It was amusing to me to see how the detective’s overbearing manner had
changed suddenly to that of a child asking questions of its teacher.
“Well, I don’t think that is very hard to explain. A very deep, malicious,
vindictive person is the gentleman who is now awaiting us downstairs. You
know that he was once refused by McFarlane’s mother? You don’t! I told you
that you should go to Blackheath first and Norwood afterwards. Well, this
injury, as he would consider it, has rankled in his wicked, scheming brain, and
all his life he has longed for vengeance, but never seen his chance. During the
last year or two things have gone against him—secret speculation, I think—and
he finds himself in a bad way. He determines to swindle his creditors, and for
this purpose he pays large cheques to a certain Mr. Cornelius, who is, I imagine,
himself under another name. I have not traced these cheques yet, but I have no
doubt that they were banked under that name at some provincial town where
Oldacre from time to time led a double existence. He intended to change his
name altogether, draw this money, and vanish, starting life again elsewhere.”
“Well, that’s likely enough.”
“It would strike him that in disappearing he might throw all pursuit off his
track, and at the same time have an ample and crushing revenge upon his old
sweetheart, if he could give the impression that he had been murdered by her
only child. It was a masterpiece of villainy, and he carried it out like a master.
The idea of the will, which would give an obvious motive for the crime, the
secret visit unknown to his own parents, the retention of the stick, the blood, and
the animal remains and buttons in the wood-pile, all were admirable. It was a net
from which it seemed to me, a few hours ago, that there was no possible escape.
But he had not that supreme gift of the artist, the knowledge of when to stop. He
wished to improve that which was already perfect—to draw the rope tighter yet
round the neck of his unfortunate victim—and so he ruined all. Let us descend,
Lestrade. There are just one or two questions that I would ask him.”
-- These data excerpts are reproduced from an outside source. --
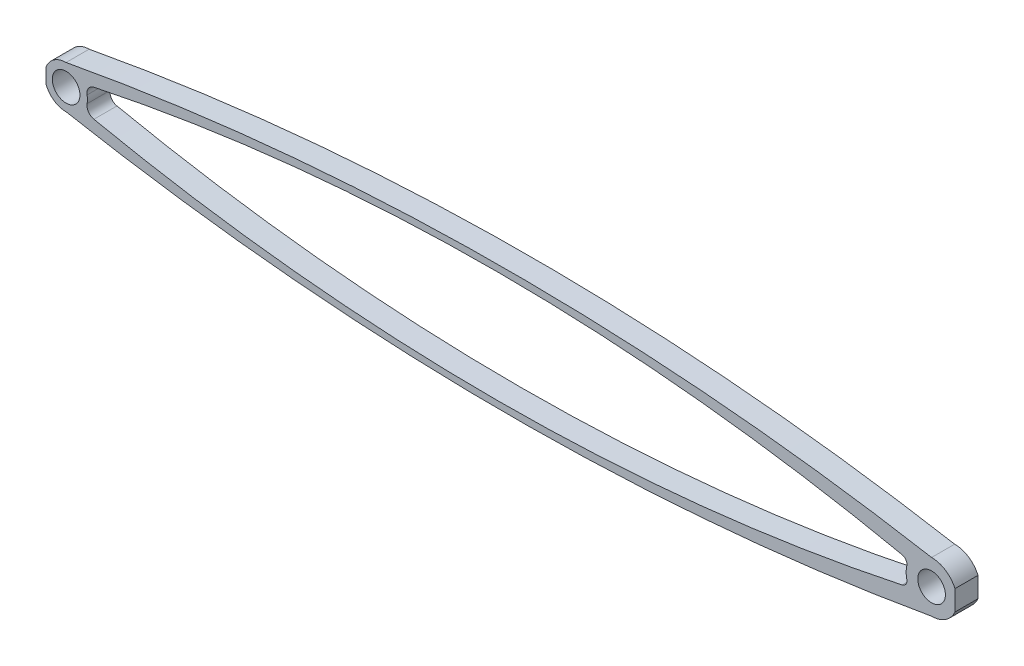
ISO-10303-21;
HEADER;
FILE_DESCRIPTION(('STEP AP214'),'2;1');
FILE_NAME('part.step','',(''),(''),'','','');
FILE_SCHEMA(('AUTOMOTIVE_DESIGN { 1 0 10303 214 1 1 1 1 }'));
ENDSEC;
DATA;
#1=APPLICATION_CONTEXT('core data for automotive mechanical design processes');
#2=APPLICATION_PROTOCOL_DEFINITION('international standard','automotive_design',2000,#1);
#3=PRODUCT_CONTEXT('',#1,'mechanical');
#4=PRODUCT('Part','Part','',(#3));
#5=PRODUCT_RELATED_PRODUCT_CATEGORY('part','',(#4));
#6=PRODUCT_DEFINITION_FORMATION('','',#4);
#7=PRODUCT_DEFINITION_CONTEXT('part definition',#1,'design');
#8=PRODUCT_DEFINITION('design','',#6,#7);
#9=PRODUCT_DEFINITION_SHAPE('','',#8);
#10=(LENGTH_UNIT() NAMED_UNIT(*) SI_UNIT(.MILLI.,.METRE.));
#11=(NAMED_UNIT(*) PLANE_ANGLE_UNIT() SI_UNIT($,.RADIAN.));
#12=(NAMED_UNIT(*) SI_UNIT($,.STERADIAN.) SOLID_ANGLE_UNIT());
#13=UNCERTAINTY_MEASURE_WITH_UNIT(LENGTH_MEASURE(1.E-05),#10,'distance_accuracy_value','');
#14=(GEOMETRIC_REPRESENTATION_CONTEXT(3) GLOBAL_UNCERTAINTY_ASSIGNED_CONTEXT((#13)) GLOBAL_UNIT_ASSIGNED_CONTEXT((#10,
#11,#12)) REPRESENTATION_CONTEXT('',''));
#15=CARTESIAN_POINT('',(0.,0.,0.));
#16=DIRECTION('',(0.,0.,1.));
#17=DIRECTION('',(1.,0.,0.));
#18=AXIS2_PLACEMENT_3D('',#15,#16,#17);
#19=CARTESIAN_POINT('',(0.,0.,5.));
#20=DIRECTION('',(0.,0.,1.));
#21=DIRECTION('',(1.,0.,0.));
#22=AXIS2_PLACEMENT_3D('',#19,#20,#21);
#23=PLANE('',#22);
#24=CARTESIAN_POINT('',(181.075647956683,-1.53844641665199,5.));
#25=DIRECTION('',(0.,0.,1.));
#26=DIRECTION('',(1.,0.,0.));
#27=AXIS2_PLACEMENT_3D('',#24,#25,#26);
#28=CIRCLE('',#27,1.33882745908539);
#29=CARTESIAN_POINT('',(181.3534915169,-2.84812650020144,5.));
#30=VERTEX_POINT('',#29);
#31=CARTESIAN_POINT('',(182.380388165267,-1.23825988579893,5.));
#32=VERTEX_POINT('',#31);
#33=EDGE_CURVE('E226',#30,#32,#28,.T.);
#34=ORIENTED_EDGE('',*,*,#33,.F.);
#35=CARTESIAN_POINT('',(93.3034744992683,412.196057190972,5.));
#36=DIRECTION('',(0.,0.,1.));
#37=DIRECTION('',(1.,0.,0.));
#38=AXIS2_PLACEMENT_3D('',#35,#36,#37);
#39=CIRCLE('',#38,424.281133109496);
#40=CARTESIAN_POINT('',(6.03518102050062,-3.01319712061177,5.));
#41=VERTEX_POINT('',#40);
#42=EDGE_CURVE('E224',#30,#41,#39,.F.);
#43=ORIENTED_EDGE('',*,*,#42,.T.);
#44=CARTESIAN_POINT('',(6.42461858925253,-1.16031245796236,5.));
#45=DIRECTION('',(0.,0.,1.));
#46=DIRECTION('',(1.,0.,0.));
#47=AXIS2_PLACEMENT_3D('',#44,#45,#46);
#48=CIRCLE('',#47,1.89336821380188);
#49=CARTESIAN_POINT('',(4.56139373102548,-0.823806409400569,5.));
#50=VERTEX_POINT('',#49);
#51=EDGE_CURVE('E221',#50,#41,#48,.T.);
#52=ORIENTED_EDGE('',*,*,#51,.F.);
#53=CARTESIAN_POINT('',(0.,0.,5.));
#54=DIRECTION('',(0.,0.,1.));
#55=DIRECTION('',(1.,0.,0.));
#56=AXIS2_PLACEMENT_3D('',#53,#54,#55);
#57=CIRCLE('',#56,4.63518821296482);
#58=CARTESIAN_POINT('',(4.56139373102548,0.823806409400569,5.));
#59=VERTEX_POINT('',#58);
#60=EDGE_CURVE('E219',#50,#59,#57,.T.);
#61=ORIENTED_EDGE('',*,*,#60,.T.);
#62=CARTESIAN_POINT('',(6.42461858925253,1.16031245796236,5.));
#63=DIRECTION('',(0.,0.,1.));
#64=DIRECTION('',(1.,0.,0.));
#65=AXIS2_PLACEMENT_3D('',#62,#63,#64);
#66=CIRCLE('',#65,1.89336821380188);
#67=CARTESIAN_POINT('',(6.03518102050062,3.01319712061177,5.));
#68=VERTEX_POINT('',#67);
#69=EDGE_CURVE('E217',#59,#68,#66,.F.);
#70=ORIENTED_EDGE('',*,*,#69,.T.);
#71=CARTESIAN_POINT('',(93.3034744992683,-412.196057190972,5.));
#72=DIRECTION('',(0.,0.,1.));
#73=DIRECTION('',(1.,0.,0.));
#74=AXIS2_PLACEMENT_3D('',#71,#72,#73);
#75=CIRCLE('',#74,424.281133109496);
#76=CARTESIAN_POINT('',(181.3534915169,2.84812650020144,5.));
#77=VERTEX_POINT('',#76);
#78=EDGE_CURVE('E214',#77,#68,#75,.T.);
#79=ORIENTED_EDGE('',*,*,#78,.F.);
#80=CARTESIAN_POINT('',(181.075647956683,1.53844641665199,5.));
#81=DIRECTION('',(0.,0.,1.));
#82=DIRECTION('',(1.,0.,0.));
#83=AXIS2_PLACEMENT_3D('',#80,#81,#82);
#84=CIRCLE('',#83,1.33882745908539);
#85=CARTESIAN_POINT('',(182.380388165267,1.23825988579893,5.));
#86=VERTEX_POINT('',#85);
#87=EDGE_CURVE('E212',#77,#86,#84,.F.);
#88=ORIENTED_EDGE('',*,*,#87,.T.);
#89=CARTESIAN_POINT('',(187.7624,0.,5.));
#90=DIRECTION('',(0.,0.,1.));
#91=DIRECTION('',(1.,0.,0.));
#92=AXIS2_PLACEMENT_3D('',#89,#90,#91);
#93=CIRCLE('',#92,5.52262065816452);
#94=EDGE_CURVE('E210',#86,#32,#93,.T.);
#95=ORIENTED_EDGE('',*,*,#94,.T.);
#96=EDGE_LOOP('',(#34,#43,#52,#61,#70,#79,#88,#95));
#97=FACE_BOUND('',#96,.T.);
#98=CARTESIAN_POINT('',(0.,0.,5.));
#99=DIRECTION('',(0.,0.,1.));
#100=DIRECTION('',(1.,0.,0.));
#101=AXIS2_PLACEMENT_3D('',#98,#99,#100);
#102=CIRCLE('',#101,3.00000007924961);
#103=CARTESIAN_POINT('',(3.00000007924961,0.,5.));
#104=VERTEX_POINT('',#103);
#105=EDGE_CURVE('E197',#104,#104,#102,.T.);
#106=ORIENTED_EDGE('',*,*,#105,.F.);
#107=EDGE_LOOP('',(#106));
#108=FACE_BOUND('',#107,.T.);
#109=CARTESIAN_POINT('',(187.7624,0.,5.));
#110=DIRECTION('',(0.,0.,1.));
#111=DIRECTION('',(1.,0.,0.));
#112=AXIS2_PLACEMENT_3D('',#109,#110,#111);
#113=CIRCLE('',#112,3.00000007924962);
#114=CARTESIAN_POINT('',(190.76240007925,0.,5.));
#115=VERTEX_POINT('',#114);
#116=EDGE_CURVE('E193',#115,#115,#113,.T.);
#117=ORIENTED_EDGE('',*,*,#116,.F.);
#118=EDGE_LOOP('',(#117));
#119=FACE_BOUND('',#118,.T.);
#120=CARTESIAN_POINT('',(0.,4.63518821296482,5.));
#121=VERTEX_POINT('',#120);
#122=CARTESIAN_POINT('',(-4.35681947691644,1.58211687784739,5.));
#123=VERTEX_POINT('',#122);
#124=EDGE_CURVE('E200',#121,#123,#57,.T.);
#125=ORIENTED_EDGE('',*,*,#124,.T.);
#126=DIRECTION('',(0.,1.,0.));
#127=VECTOR('',#126,1.);
#128=CARTESIAN_POINT('',(-4.35681947691644,0.,5.));
#129=LINE('',#128,#127);
#130=CARTESIAN_POINT('',(-4.35681947691644,-1.58211687784739,5.));
#131=VERTEX_POINT('',#130);
#132=EDGE_CURVE('E148',#131,#123,#129,.T.);
#133=ORIENTED_EDGE('',*,*,#132,.F.);
#134=CARTESIAN_POINT('',(0.,-4.63518821296482,5.));
#135=VERTEX_POINT('',#134);
#136=EDGE_CURVE('E204',#131,#135,#57,.T.);
#137=ORIENTED_EDGE('',*,*,#136,.T.);
#138=CARTESIAN_POINT('',(96.3223446094582,511.41694051381,5.));
#139=DIRECTION('',(0.,0.,1.));
#140=DIRECTION('',(1.,0.,0.));
#141=AXIS2_PLACEMENT_3D('',#138,#139,#140);
#142=CIRCLE('',#141,524.964564170286);
#143=CARTESIAN_POINT('',(187.7624,-5.52262065816452,5.));
#144=VERTEX_POINT('',#143);
#145=EDGE_CURVE('E206',#144,#135,#142,.F.);
#146=ORIENTED_EDGE('',*,*,#145,.F.);
#147=CARTESIAN_POINT('',(192.829341952088,-2.19668800428204,5.));
#148=VERTEX_POINT('',#147);
#149=EDGE_CURVE('E205',#144,#148,#93,.T.);
#150=ORIENTED_EDGE('',*,*,#149,.T.);
#151=DIRECTION('',(0.,-1.,0.));
#152=VECTOR('',#151,1.);
#153=CARTESIAN_POINT('',(192.829341952088,0.,5.));
#154=LINE('',#153,#152);
#155=CARTESIAN_POINT('',(192.829341952088,2.19668800428204,5.));
#156=VERTEX_POINT('',#155);
#157=EDGE_CURVE('E232',#156,#148,#154,.T.);
#158=ORIENTED_EDGE('',*,*,#157,.F.);
#159=CARTESIAN_POINT('',(187.7624,5.52262065816452,5.));
#160=VERTEX_POINT('',#159);
#161=EDGE_CURVE('E209',#156,#160,#93,.T.);
#162=ORIENTED_EDGE('',*,*,#161,.T.);
#163=CARTESIAN_POINT('',(96.3223446094582,-511.41694051381,5.));
#164=DIRECTION('',(0.,0.,1.));
#165=DIRECTION('',(1.,0.,0.));
#166=AXIS2_PLACEMENT_3D('',#163,#164,#165);
#167=CIRCLE('',#166,524.964564170286);
#168=EDGE_CURVE('E201',#160,#121,#167,.T.);
#169=ORIENTED_EDGE('',*,*,#168,.T.);
#170=EDGE_LOOP('',(#125,#133,#137,#146,#150,#158,#162,#169));
#171=FACE_BOUND('',#170,.T.);
#172=ADVANCED_FACE('F36',(#97,#108,#119,#171),#23,.T.);
#173=CARTESIAN_POINT('',(0.,0.,0.));
#174=DIRECTION('',(0.,0.,1.));
#175=DIRECTION('',(1.,0.,0.));
#176=AXIS2_PLACEMENT_3D('',#173,#174,#175);
#177=PLANE('',#176);
#178=CARTESIAN_POINT('',(181.075647956683,-1.53844641665199,0.));
#179=DIRECTION('',(0.,0.,1.));
#180=DIRECTION('',(1.,0.,0.));
#181=AXIS2_PLACEMENT_3D('',#178,#179,#180);
#182=CIRCLE('',#181,1.33882745908539);
#183=CARTESIAN_POINT('',(181.3534915169,-2.84812650020144,0.));
#184=VERTEX_POINT('',#183);
#185=CARTESIAN_POINT('',(182.380388165267,-1.23825988579893,0.));
#186=VERTEX_POINT('',#185);
#187=EDGE_CURVE('E188',#184,#186,#182,.T.);
#188=ORIENTED_EDGE('',*,*,#187,.T.);
#189=CARTESIAN_POINT('',(187.7624,0.,0.));
#190=DIRECTION('',(0.,0.,1.));
#191=DIRECTION('',(1.,0.,0.));
#192=AXIS2_PLACEMENT_3D('',#189,#190,#191);
#193=CIRCLE('',#192,5.52262065816452);
#194=CARTESIAN_POINT('',(182.380388165267,1.23825988579893,0.));
#195=VERTEX_POINT('',#194);
#196=EDGE_CURVE('E291',#195,#186,#193,.T.);
#197=ORIENTED_EDGE('',*,*,#196,.F.);
#198=CARTESIAN_POINT('',(181.075647956683,1.53844641665199,0.));
#199=DIRECTION('',(0.,0.,1.));
#200=DIRECTION('',(1.,0.,0.));
#201=AXIS2_PLACEMENT_3D('',#198,#199,#200);
#202=CIRCLE('',#201,1.33882745908539);
#203=CARTESIAN_POINT('',(181.3534915169,2.84812650020144,0.));
#204=VERTEX_POINT('',#203);
#205=EDGE_CURVE('E296',#204,#195,#202,.F.);
#206=ORIENTED_EDGE('',*,*,#205,.F.);
#207=CARTESIAN_POINT('',(93.3034744992683,-412.196057190972,0.));
#208=DIRECTION('',(0.,0.,1.));
#209=DIRECTION('',(1.,0.,0.));
#210=AXIS2_PLACEMENT_3D('',#207,#208,#209);
#211=CIRCLE('',#210,424.281133109496);
#212=CARTESIAN_POINT('',(6.03518102050062,3.01319712061177,0.));
#213=VERTEX_POINT('',#212);
#214=EDGE_CURVE('E181',#204,#213,#211,.T.);
#215=ORIENTED_EDGE('',*,*,#214,.T.);
#216=CARTESIAN_POINT('',(6.42461858925253,1.16031245796236,0.));
#217=DIRECTION('',(0.,0.,1.));
#218=DIRECTION('',(1.,0.,0.));
#219=AXIS2_PLACEMENT_3D('',#216,#217,#218);
#220=CIRCLE('',#219,1.89336821380188);
#221=CARTESIAN_POINT('',(4.56139373102548,0.823806409400569,0.));
#222=VERTEX_POINT('',#221);
#223=EDGE_CURVE('E174',#222,#213,#220,.F.);
#224=ORIENTED_EDGE('',*,*,#223,.F.);
#225=CARTESIAN_POINT('',(0.,0.,0.));
#226=DIRECTION('',(0.,0.,1.));
#227=DIRECTION('',(1.,0.,0.));
#228=AXIS2_PLACEMENT_3D('',#225,#226,#227);
#229=CIRCLE('',#228,4.63518821296482);
#230=CARTESIAN_POINT('',(4.56139373102548,-0.823806409400569,0.));
#231=VERTEX_POINT('',#230);
#232=EDGE_CURVE('E167',#231,#222,#229,.T.);
#233=ORIENTED_EDGE('',*,*,#232,.F.);
#234=CARTESIAN_POINT('',(6.42461858925253,-1.16031245796236,0.));
#235=DIRECTION('',(0.,0.,1.));
#236=DIRECTION('',(1.,0.,0.));
#237=AXIS2_PLACEMENT_3D('',#234,#235,#236);
#238=CIRCLE('',#237,1.89336821380188);
#239=CARTESIAN_POINT('',(6.03518102050062,-3.01319712061177,0.));
#240=VERTEX_POINT('',#239);
#241=EDGE_CURVE('E175',#231,#240,#238,.T.);
#242=ORIENTED_EDGE('',*,*,#241,.T.);
#243=CARTESIAN_POINT('',(93.3034744992683,412.196057190972,0.));
#244=DIRECTION('',(0.,0.,1.));
#245=DIRECTION('',(1.,0.,0.));
#246=AXIS2_PLACEMENT_3D('',#243,#244,#245);
#247=CIRCLE('',#246,424.281133109496);
#248=EDGE_CURVE('E183',#184,#240,#247,.F.);
#249=ORIENTED_EDGE('',*,*,#248,.F.);
#250=EDGE_LOOP('',(#188,#197,#206,#215,#224,#233,#242,#249));
#251=FACE_BOUND('',#250,.T.);
#252=CARTESIAN_POINT('',(0.,0.,0.));
#253=DIRECTION('',(0.,0.,1.));
#254=DIRECTION('',(1.,0.,0.));
#255=AXIS2_PLACEMENT_3D('',#252,#253,#254);
#256=CIRCLE('',#255,3.00000007924961);
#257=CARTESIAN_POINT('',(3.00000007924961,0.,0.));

The malignant creature was seated in his own parlour with a policeman upon
each side of him.
“It was a joke, my good sir, a practical joke, nothing more,” he whined
incessantly. “I assure you, sir, that I simply concealed myself in order to see the
effect of my disappearance, and I am sure that you would not be so unjust as to
imagine that I would have allowed any harm to befall poor young Mr.
McFarlane.”
“That’s for the jury to decide,” said Lestrade. “Anyhow, we shall have you on
a charge of conspiracy, if not for attempted murder.”
“And you’ll probably find that your creditors will impound the banking
account of Mr. Cornelius,” said Holmes.
The little man started and turned his malignant eyes upon my friend.
“I have to thank you for a good deal,” said he. “Perhaps I’ll pay my debt some
day.”
Holmes smiled indulgently.
“I fancy that for some few years you will find your time very fully occupied,”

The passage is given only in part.